# Mid Level Tensorflow API

This exercise introduces the mid-level concepts and API of tensorflow.
You will learn the following concepts and packages
  - collections
  - tf.layers
  - tf.summary
  - Tensorboard
  - tf.losses
  - regularizers
  - initializers
  - image recognition with convolutional neural networks (on MNIST)
  
Unfortunately the tensorflow API is not really stable and (imho) quite confusing.
There are always multiple ways on how to implement something. I will try to keep it as simple as possible, by introducing one component at a time.

In [3]:
import tensorflow as tf

### Collections

Before we dive into the mid-level API, we first have to introduce another concept, which will become important: **collections**. 
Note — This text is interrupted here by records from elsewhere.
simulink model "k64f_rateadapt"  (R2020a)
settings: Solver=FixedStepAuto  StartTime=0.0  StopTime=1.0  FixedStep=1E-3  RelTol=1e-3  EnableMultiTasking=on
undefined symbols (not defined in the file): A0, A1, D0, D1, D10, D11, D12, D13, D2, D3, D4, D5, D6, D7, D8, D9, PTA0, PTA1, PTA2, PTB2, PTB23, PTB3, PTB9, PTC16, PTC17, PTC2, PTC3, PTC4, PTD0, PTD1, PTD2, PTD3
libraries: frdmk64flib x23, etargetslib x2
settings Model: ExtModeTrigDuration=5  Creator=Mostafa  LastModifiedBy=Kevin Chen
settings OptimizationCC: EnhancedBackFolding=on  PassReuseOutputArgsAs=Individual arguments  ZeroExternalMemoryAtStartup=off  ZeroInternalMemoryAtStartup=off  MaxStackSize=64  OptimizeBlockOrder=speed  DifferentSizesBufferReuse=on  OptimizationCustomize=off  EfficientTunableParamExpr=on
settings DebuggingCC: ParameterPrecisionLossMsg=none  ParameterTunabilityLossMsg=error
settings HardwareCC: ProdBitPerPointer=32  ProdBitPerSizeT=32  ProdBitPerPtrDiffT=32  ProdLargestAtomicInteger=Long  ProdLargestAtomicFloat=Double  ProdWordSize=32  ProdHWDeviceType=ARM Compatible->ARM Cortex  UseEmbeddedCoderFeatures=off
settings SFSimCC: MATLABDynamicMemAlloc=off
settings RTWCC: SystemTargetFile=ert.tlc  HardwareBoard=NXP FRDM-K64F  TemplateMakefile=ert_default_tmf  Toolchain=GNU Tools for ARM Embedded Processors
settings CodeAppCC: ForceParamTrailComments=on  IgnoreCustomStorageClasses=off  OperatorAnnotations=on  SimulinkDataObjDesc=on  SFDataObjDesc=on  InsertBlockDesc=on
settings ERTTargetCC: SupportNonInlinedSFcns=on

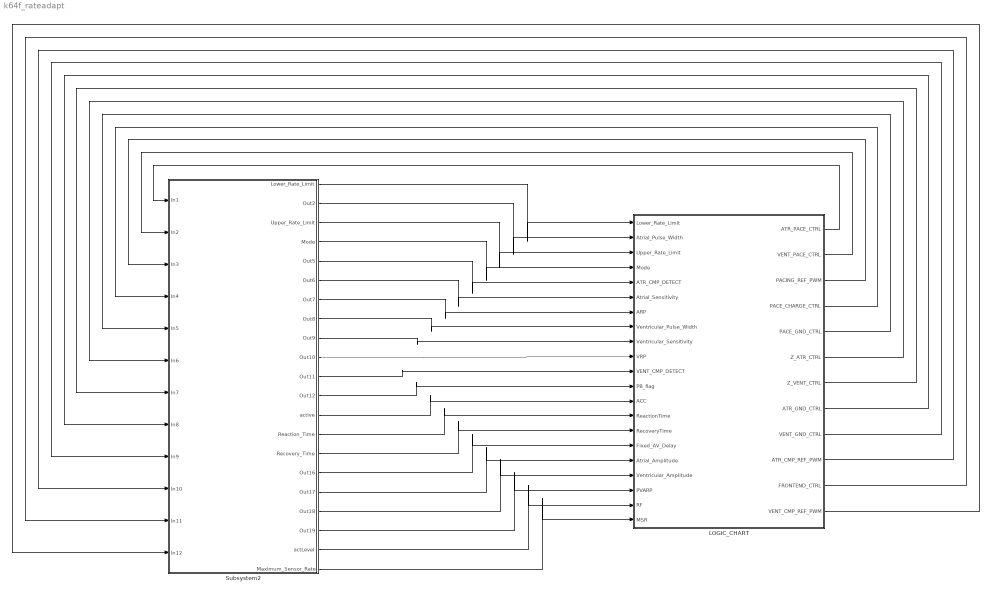
== system k64f_rateadapt ==
  LOGIC_CHART : Stateflow chart  TreatAsAtomicUnit=on
      settings: PortSchema="{\"entries\":[{\"content\":{\"sides\":[{\"content\":{\"connectorIds\":[\"In1\",\"In2\",\"In3\",\"In4\",\"In5\",\"In6\",\"In7\",\"In8\",\"In9\",\"In10\",\"In11\",\"In12\",\"In13\",\"In14\",\"In17\",\"In18\",\"In19\",\"In20\",\"In21\",\"In15\",\"In16\"]},\"type\":\"ConnectorPlacement.EquallySpacedRectSide\",\"uuid\":\"2532a15d-7e3f-497c-8f71-038aa275bfb3\"},{\"content\":{\"connectorIds\":[\"Out1\",\"Out2\",\"Out3\",\"Out4\",\"Out5\",\"Out6\",\"Out7\",\"Out8\",\"Out9\",\"Out10\",\"Out11\",\"Out12\"],\"side\":\"RIGHT\"},\"type\":\"ConnectorPlacement.EquallySpacedRectSide\",\"uuid\":\"b4365400-6566-41c9-a565-c69f74d7ec16\"},{\"content\":{\"connectorIds\":[],\"side\":\"TOP\"},\"type\":\"ConnectorPlacement.EquallySpacedRectSide\",\"uuid\":\"ee6cfb42-5307-4b65-a86e-84b69df89ddc\"}]},\"type\":\"ConnectorPlacement.EquallySpacedConnector\",\"uuid\":\"ec232628-3749-49a9-9e57-0299de21913c\"}],\"packageUris\":[\"http://schema.mathworks.com/mf0/Connector/19700101\"],\"version\":\"1.0\"}"
  Subsystem2 : Subsystem
  wires:
  LOGIC_CHART/1(ATR_PACE_CTRL) -> Subsystem2/1(In1)
  LOGIC_CHART/2(VENT_PACE_CTRL) -> Subsystem2/2(In2)
  LOGIC_CHART/3(PACING_REF_PWM) -> Subsystem2/3(In3)
  LOGIC_CHART/4(PACE_CHARGE_CTRL) -> Subsystem2/4(In4)
  LOGIC_CHART/5(PACE_GND_CTRL) -> Subsystem2/5(In5)
  LOGIC_CHART/6(Z_ATR_CTRL) -> Subsystem2/6(In6)
  LOGIC_CHART/7(Z_VENT_CTRL) -> Subsystem2/7(In7)
  LOGIC_CHART/8(ATR_GND_CTRL) -> Subsystem2/8(In8)
  LOGIC_CHART/9(VENT_GND_CTRL) -> Subsystem2/9(In9)
  LOGIC_CHART/10(ATR_CMP_REF_PWM) -> Subsystem2/10(In10)
  LOGIC_CHART/11(FRONTEND_CTRL) -> Subsystem2/11(In11)
  LOGIC_CHART/12(VENT_CMP_REF_PWM) -> Subsystem2/12(In12)
  Subsystem2/1(Lower_Rate_Limit) -> LOGIC_CHART/1(Lower_Rate_Limit)
  Subsystem2/2(Out2) -> LOGIC_CHART/2(Atrial_Pulse_Width)
  Subsystem2/3(Upper_Rate_Limit) -> LOGIC_CHART/3(Upper_Rate_Limit)
  Subsystem2/4(Mode) -> LOGIC_CHART/4(Mode)
  Subsystem2/5(Out5) -> LOGIC_CHART/5(ATR_CMP_DETECT)
  Subsystem2/6(Out6) -> LOGIC_CHART/6(Atrial_Sensitivity)
  Subsystem2/7(Out7) -> LOGIC_CHART/7(ARP)
  Subsystem2/8(Out8) -> LOGIC_CHART/8(Ventricular_Pulse_Width)
  Subsystem2/9(Out9) -> LOGIC_CHART/9(Ventricular_Sensitivity)
  Subsystem2/10(Out10) -> LOGIC_CHART/10(VRP)
  Subsystem2/11(Out11) -> LOGIC_CHART/11(VENT_CMP_DETECT)
  Subsystem2/12(Out12) -> LOGIC_CHART/12(PB_flag)
  Subsystem2/13(active) -> LOGIC_CHART/13(ACC)
  Subsystem2/14(Reaction_Time) -> LOGIC_CHART/14(ReactionTime)
  Subsystem2/15(Recovery_Time) -> LOGIC_CHART/17(RecoveryTime)
  Subsystem2/16(Out16) -> LOGIC_CHART/18(Fixed_AV_Delay)
  Subsystem2/17(Out17) -> LOGIC_CHART/19(Atrial_Amplitude)
  Subsystem2/18(Out18) -> LOGIC_CHART/20(Ventricular_Amplitude)
  Subsystem2/19(Out19) -> LOGIC_CHART/21(PVARP)
  Subsystem2/20(actLevel) -> LOGIC_CHART/15(RF)
  Subsystem2/21(Maximum_Sensor_Rate) -> LOGIC_CHART/16(MSR)

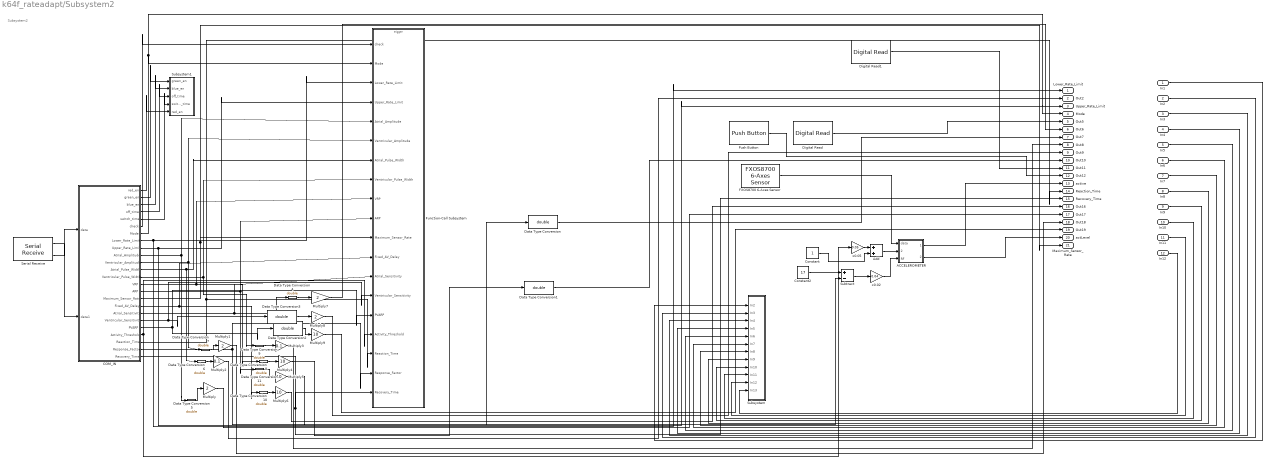
== system k64f_rateadapt/Subsystem2 ==
  note: Subsystem2
  In1 : Inport
  In2 : Inport  Port=2
  In3 : Inport  Port=3
  In4 : Inport  Port=4
  In5 : Inport  Port=5
  In6 : Inport  Port=6
  In7 : Inport  Port=7
  In8 : Inport  Port=8
  In9 : Inport  Port=9
  In10 : Inport  Port=10
  In11 : Inport  Port=11
  In12 : Inport  Port=12
  ACCELEROMETER : Stateflow chart  TreatAsAtomicUnit=on
  Add : Sum
  COM_IN : Stateflow chart  TreatAsAtomicUnit=on
      settings: PortSchema="{\"entries\":[{\"content\":{\"sides\":[{\"content\":{\"connectorIds\":[\"In1\",\"In2\"]},\"type\":\"ConnectorPlacement.EquallySpacedRectSide\",\"uuid\":\"0622ed0d-a63c-4425-81a9-1b700e3d40e7\"},{\"content\":{\"connectorIds\":[\"Out1\",\"Out2\",\"Out3\",\"Out4\",\"Out5\",\"Out24\",\"Out6\",\"Out7\",\"Out8\",\"Out9\",\"Out10\",\"Out11\",\"Out12\",\"Out13\",\"Out14\",\"Out15\",\"Out16\",\"Out17\",\"Out18\",\"Out19\",\"Out20\",\"Out21\",\"Out22\",\"Out23\"],\"side\":\"RIGHT\"},\"type\":\"ConnectorPlacement.EquallySpacedRectSide\",\"uuid\":\"1b9db426-091c-4aed-ac90-de166372e318\"},{\"content\":{\"connectorIds\":[],\"side\":\"TOP\"},\"type\":\"ConnectorPlacement.EquallySpacedRectSide\",\"uuid\":\"c8726b50-1e98-4bba-9c0e-57637e7ead5e\"}]},\"type\":\"ConnectorPlacement.EquallySpacedConnector\",\"uuid\":\"eab4333c-b3ae-429b-bd5d-289e8cbf8e60\"}],\"packageUris\":[\"http://schema.mathworks.com/mf0/Connector/19700101\"],\"version\":\"1.0\"}"
  Constant : Constant
  Constant2 : Constant  Value=17
  Data Type Conversion{,1..11} (12 alike) : DataTypeConversion  OutDataTypeStr=double
  Digital Read : frdmk64flib/Digital Read  Whichpin=PTC16 (D0)  SampleTime=-1
  Digital Read1 : frdmk64flib/Digital Read  Whichpin=PTC17 (D1)  SampleTime=-1
  FXOS8700 6-Axes Sensor : frdmk64flib/FXOS8700 6-Axes Sensor  Activesensor=Accelerometer only  ODR=800Hz  HybridODR=400Hz  Accelfullrange=-4g to +4g  SampleTime=-1
  Function-Call Subsystem : Subsystem  TreatAsAtomicUnit=on
  Multiply{,1,7..8} (4 alike) : Gain  Gain=2
  Multiply2 : Gain  Gain=0.1
  Multiply3 : Gain  Gain=0.1
  Multiply{4..6,9} (4 alike) : Gain  Gain=10
  Push Button : frdmk64flib/Push Button  Whichswitch=SW2  SampleTime1=-1
  Serial Receive : frdmk64flib/Serial Receive  SCIModule=0  Baudrate=uint32(9600)  Parity=None  StopBits=1  HardwareFlowControl=None  ByteOrder=LittleEndian  DataType=uint8  DataLength=20  BlockingMode=off  OutputStatus=on  SampleTime=-1
  Subsystem : Subsystem
  Subsystem1 : Subsystem
  Subtract : Sum  Inputs=+-
  x0.02 : Gain  Gain=0.04
  x0.05 : Gain  Gain=0.05
  Lower_Rate_Limit : Outport
  Out2 : Outport  Port=2
  Upper_Rate_Limit : Outport  Port=3
  Mode : Outport  Port=4
  Out5 : Outport  Port=5
  Out6 : Outport  Port=6
  Out7 : Outport  Port=7
  Out8 : Outport  Port=8
  Out9 : Outport  Port=9
  Out10 : Outport  Port=10
  Out11 : Outport  Port=11
  Out12 : Outport  Port=12
  active : Outport  Port=13
  Reaction_Time : Outport  Port=14
  Recovery_Time : Outport  Port=15
  Out16 : Outport  Port=16
  Out17 : Outport  Port=17
  Out18 : Outport  Port=18
  Out19 : Outport  Port=19
  actLevel : Outport  Port=20
  Maximum_Sensor_Rate : Outport  Port=21
  wires:
  Data Type Conversion5/1 -> Multiply/1
  In11/1 -> Subsystem/11(In12)
  COM_IN/2(green_en) -> Subsystem1/1(green_en)
  FXOS8700 6-Axes Sensor/1 -> ACCELEROMETER/1(data)
  ACCELEROMETER/1(active) -> active/1
  COM_IN/10(Ventricular_Amplitude) -> Data Type Conversion7/1, Function-Call Subsystem/6(Ventricular_Amplitude)
  COM_IN/7(Lower_Rate_Limit) -> Lower_Rate_Limit/1, Function-Call Subsystem/3(Lower_Rate_Limit)
  x0.02/1 -> ACCELEROMETER/3(RF)
  COM_IN/20(Activity_Threshold) -> x0.05/1, Function-Call Subsystem/16(Activity_Threshold)
  Data Type Conversion9/1 -> Multiply3/1
  Serial Receive/1 -> COM_IN/2(data1)
  COM_IN/12(Ventricular_Pulse_Width) -> Data Type Conversion9/1, Function-Call Subsystem/8(Ventricular_Pulse_Width)
  COM_IN/11(Atrial_Pulse_Width) -> Function-Call Subsystem/7(Atrial_Pulse_Width), Data Type Conversion6/1
  Add/1 -> ACCELEROMETER/2(Threshold)
  Data Type Conversion4/1 -> Multiply7/1
  COM_IN/18(Ventricular_Sensitivity) -> Data Type Conversion3/1, Function-Call Subsystem/14(Ventricular_Sensitivity)
  COM_IN/17(Atrial_Sensitivity) -> Data Type Conversion4/1, Function-Call Subsystem/13(Atrial_Sensitivity)
  COM_IN/15(Maximum_Sensor_Rate) -> Maximum_Sensor_Rate/1, Function-Call Subsystem/11(Maximum_Sensor_Rate)
  COM_IN/16(Fixed_AV_Delay) -> Data Type Conversion10/1, Function-Call Subsystem/12(Fixed_AV_Delay)
  COM_IN/6(Mode) -> Mode/1, Function-Call Subsystem/2(Mode)
  Data Type Conversion2/1 -> Multiply9/1
  In4/1 -> Subsystem/4(In5)
  Data Type Conversion3/1 -> Multiply8/1
  Data Type Conversion/1 -> Out7/1
  Data Type Conversion7/1 -> Multiply1/1
  In8/1 -> Subsystem/8(In9)
  Data Type Conversion11/1 -> Multiply5/1
  In6/1 -> Subsystem/6(In7)
  Multiply1/1 -> Out18/1
  COM_IN/21(Reaction_Time) -> Reaction_Time/1, Function-Call Subsystem/17(Reaction_Time)
  Multiply9/1 -> Out19/1
  x0.05/1 -> Add/1
  Constant2/1 -> Subtract/1
  In1/1 -> Subsystem/1(In2)
  Constant/1 -> Add/2
  COM_IN/4(off_time) -> Subsystem1/3(off_time)
  In7/1 -> Subsystem/7(In8)
  COM_IN/9(Atrial_Amplitude) -> Data Type Conversion5/1, Function-Call Subsystem/5(Atrial_Amplitude)
  Data Type Conversion10/1 -> Multiply6/1
  Subtract/1 -> x0.02/1
  COM_IN/13(VRP) -> Data Type Conversion8/1, Function-Call Subsystem/9(VRP)
  Data Type Conversion1/1 -> Out10/1
  COM_IN/19(PVARP) -> Data Type Conversion2/1, Function-Call Subsystem/15(PVARP)
  COM_IN/8(Upper_Rate_Limit) -> Upper_Rate_Limit/1, Function-Call Subsystem/4(Upper_Rate_Limit)
  COM_IN/24(check) -> Function-Call Subsystem/1(check)
  COM_IN/22(Response_Factor) -> Subtract/2, Function-Call Subsystem/18(Response_Factor)
  Digital Read1/1 -> Out11/1
  COM_IN/23(Recovery_Time) -> Recovery_Time/1, Function-Call Subsystem/19(Recovery_Time)
  COM_IN/14(ARP) -> Data Type Conversion11/1, Function-Call Subsystem/10(ARP)
  Data Type Conversion6/1 -> Multiply2/1
  Push Button/1 -> Out12/1
  Multiply4/1 -> Data Type Conversion1/1
  Serial Receive/2 -> COM_IN/1(data)
  COM_IN/5(switch_time) -> Subsystem1/4(switch_time)
  In2/1 -> Subsystem/2(In3)
  COM_IN/3(blue_en) -> Subsystem1/2(blue_en)
  COM_IN/1(red_en) -> Subsystem1/5(red_en)
  Multiply5/1 -> Data Type Conversion/1
  ACCELEROMETER/2(actLevel) -> actLevel/1
  Data Type Conversion8/1 -> Multiply4/1
  In3/1 -> Subsystem/3(In4)
  In9/1 -> Subsystem/9(In10)
  Digital Read/1 -> Out5/1
  In5/1 -> Subsystem/5(In6)
  In12/1 -> Subsystem/12(In13)
  In10/1 -> Subsystem/10(In11)
  Multiply7/1 -> Out6/1
  Multiply6/1 -> Out16/1
  Multiply8/1 -> Out9/1
  Multiply2/1 -> Out2/1
  Multiply3/1 -> Out8/1
  Multiply/1 -> Out17/1

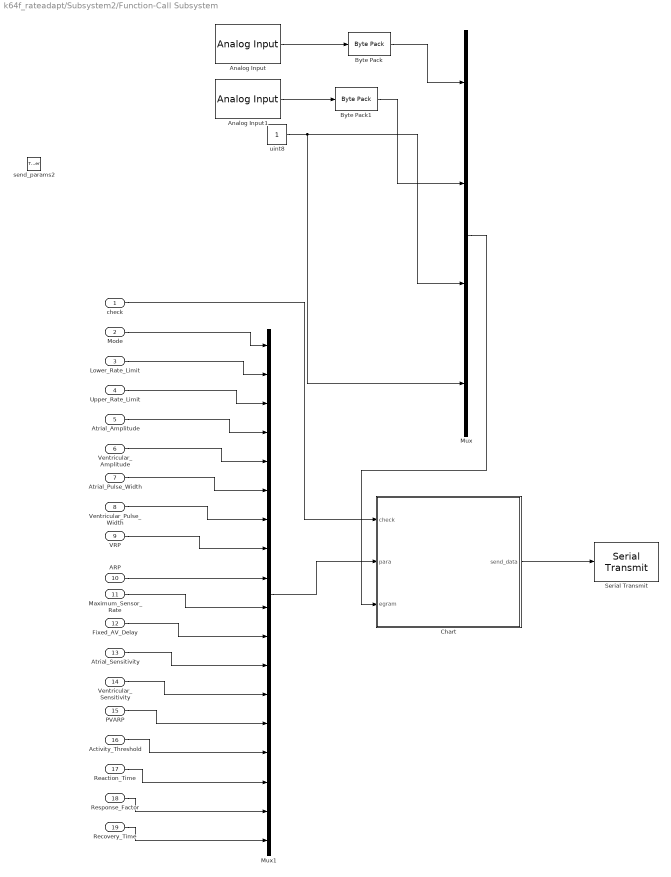
== system k64f_rateadapt/Subsystem2/Function-Call Subsystem ==
  check : Inport
  Mode : Inport  Port=2
  Lower_Rate_Limit : Inport  Port=3
  Upper_Rate_Limit : Inport  Port=4
  Atrial_Amplitude : Inport  Port=5
  Ventricular_Amplitude : Inport  Port=6
  Atrial_Pulse_Width : Inport  Port=7
  Ventricular_Pulse_Width : Inport  Port=8
  VRP : Inport  Port=9
  ARP : Inport  Port=10
  Maximum_Sensor_Rate : Inport  Port=11
  Fixed_AV_Delay : Inport  Port=12
  Atrial_Sensitivity : Inport  Port=13
  Ventricular_Sensitivity : Inport  Port=14
  PVARP : Inport  Port=15
  Activity_Threshold : Inport  Port=16
  Reaction_Time : Inport  Port=17
  Response_Factor : Inport  Port=18
  Recovery_Time : Inport  Port=19
  send_params2 : TriggerPort  TriggerType=function-call  IsSimulinkFunction=on  FunctionName=send_params2  VariantControl=Variant
  Analog Input : frdmk64flib/Analog Input  Whichpin=PTB2 (A0)  SampleTime=-1
  Analog Input1 : frdmk64flib/Analog Input  Whichpin=PTB3 (A1)  SampleTime=-1
  Byte Pack : etargetslib/Byte Pack  datatypes={'double'}  byteAlign=1
  Byte Pack1 : etargetslib/Byte Pack  datatypes={'double'}  byteAlign=1
  Chart : Stateflow chart  TreatAsAtomicUnit=on
  Mux : Mux
  Mux1 : Mux  Inputs=18
  Serial Transmit : frdmk64flib/Serial Transmit  SCIModule=0  Baudrate=uint32(9600)  Parity=None  StopBits=1  HardwareFlowControl=None  ByteOrder=LittleEndian  BlockingMode=on  OutputStatus=off
  uint8 : Constant  OutDataTypeStr=uint8
  wires:
  Mode/1 -> Mux1/1
  check/1 -> Chart/1(check)
  Analog Input1/1 -> Byte Pack1/1
  Chart/1(send_data) -> Serial Transmit/1
  Lower_Rate_Limit/1 -> Mux1/2
  Mux1/1 -> Chart/2(para)
  Upper_Rate_Limit/1 -> Mux1/3
  Mux/1 -> Chart/3(egram)
  Atrial_Amplitude/1 -> Mux1/4
  uint8/1 -> Mux/4, Mux/3
  Analog Input/1 -> Byte Pack/1
  Byte Pack/1 -> Mux/1
  Byte Pack1/1 -> Mux/2
  Ventricular_Amplitude/1 -> Mux1/5
  Atrial_Pulse_Width/1 -> Mux1/6
  Ventricular_Pulse_Width/1 -> Mux1/7
  VRP/1 -> Mux1/8
  Maximum_Sensor_Rate/1 -> Mux1/10
  Fixed_AV_Delay/1 -> Mux1/11
  Atrial_Sensitivity/1 -> Mux1/12
  Ventricular_Sensitivity/1 -> Mux1/13
  PVARP/1 -> Mux1/14
  Reaction_Time/1 -> Mux1/16
  Activity_Threshold/1 -> Mux1/15
  Response_Factor/1 -> Mux1/17
  Recovery_Time/1 -> Mux1/18
  ARP/1 -> Mux1/9

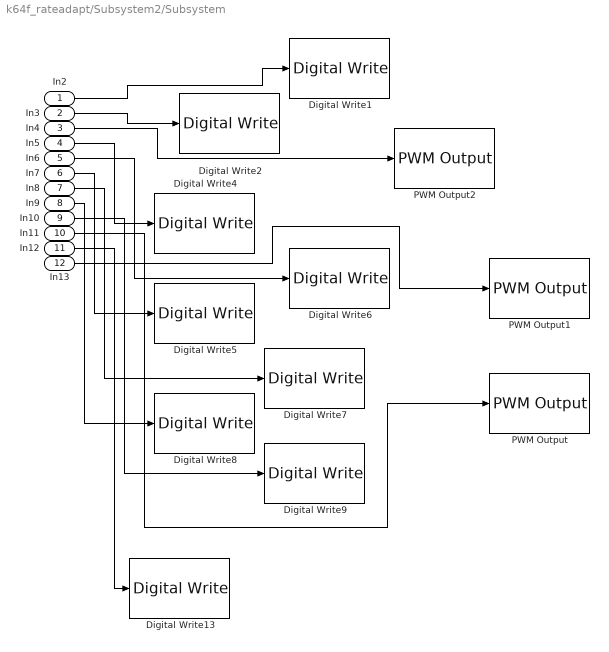
== system k64f_rateadapt/Subsystem2/Subsystem ==
  In2 : Inport
  In3 : Inport  Port=2
  In4 : Inport  Port=3
  In5 : Inport  Port=4
  In6 : Inport  Port=5
  In7 : Inport  Port=6
  In8 : Inport  Port=7
  In9 : Inport  Port=8
  In10 : Inport  Port=9
  In11 : Inport  Port=10
  In12 : Inport  Port=11
  In13 : Inport  Port=12
  Digital Write1 : frdmk64flib/Digital Write  Whichpin=PTA0 (D8)
  Digital Write13 : frdmk64flib/Digital Write  Whichpin=PTD1 (D13)
  Digital Write2 : frdmk64flib/Digital Write  Whichpin=PTC4 (D9)
  Digital Write4 : frdmk64flib/Digital Write  Whichpin=PTB9 (D2)
  Digital Write5 : frdmk64flib/Digital Write  Whichpin=PTB23 (D4)
  Digital Write6 : frdmk64flib/Digital Write  Whichpin=PTD0 (D10)
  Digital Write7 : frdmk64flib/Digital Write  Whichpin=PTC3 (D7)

Tensorflow automatically keeps track of important tensors for you. They are stored in so-called **collections** (technically just a Python `list`). The names of default collections are defined in `tf.GraphKeys`.

In [4]:
tf.get_collection(tf.GraphKeys.TRAINABLE_VARIABLES)

[]

In [5]:
tf.Variable([1,2,3], name="MyWeightVector")

<tf.Variable 'MyWeightVector:0' shape=(3,) dtype=int32_ref>

In [6]:
tf.get_collection(tf.GraphKeys.TRAINABLE_VARIABLES)

[<tf.Variable 'MyWeightVector:0' shape=(3,) dtype=int32_ref>]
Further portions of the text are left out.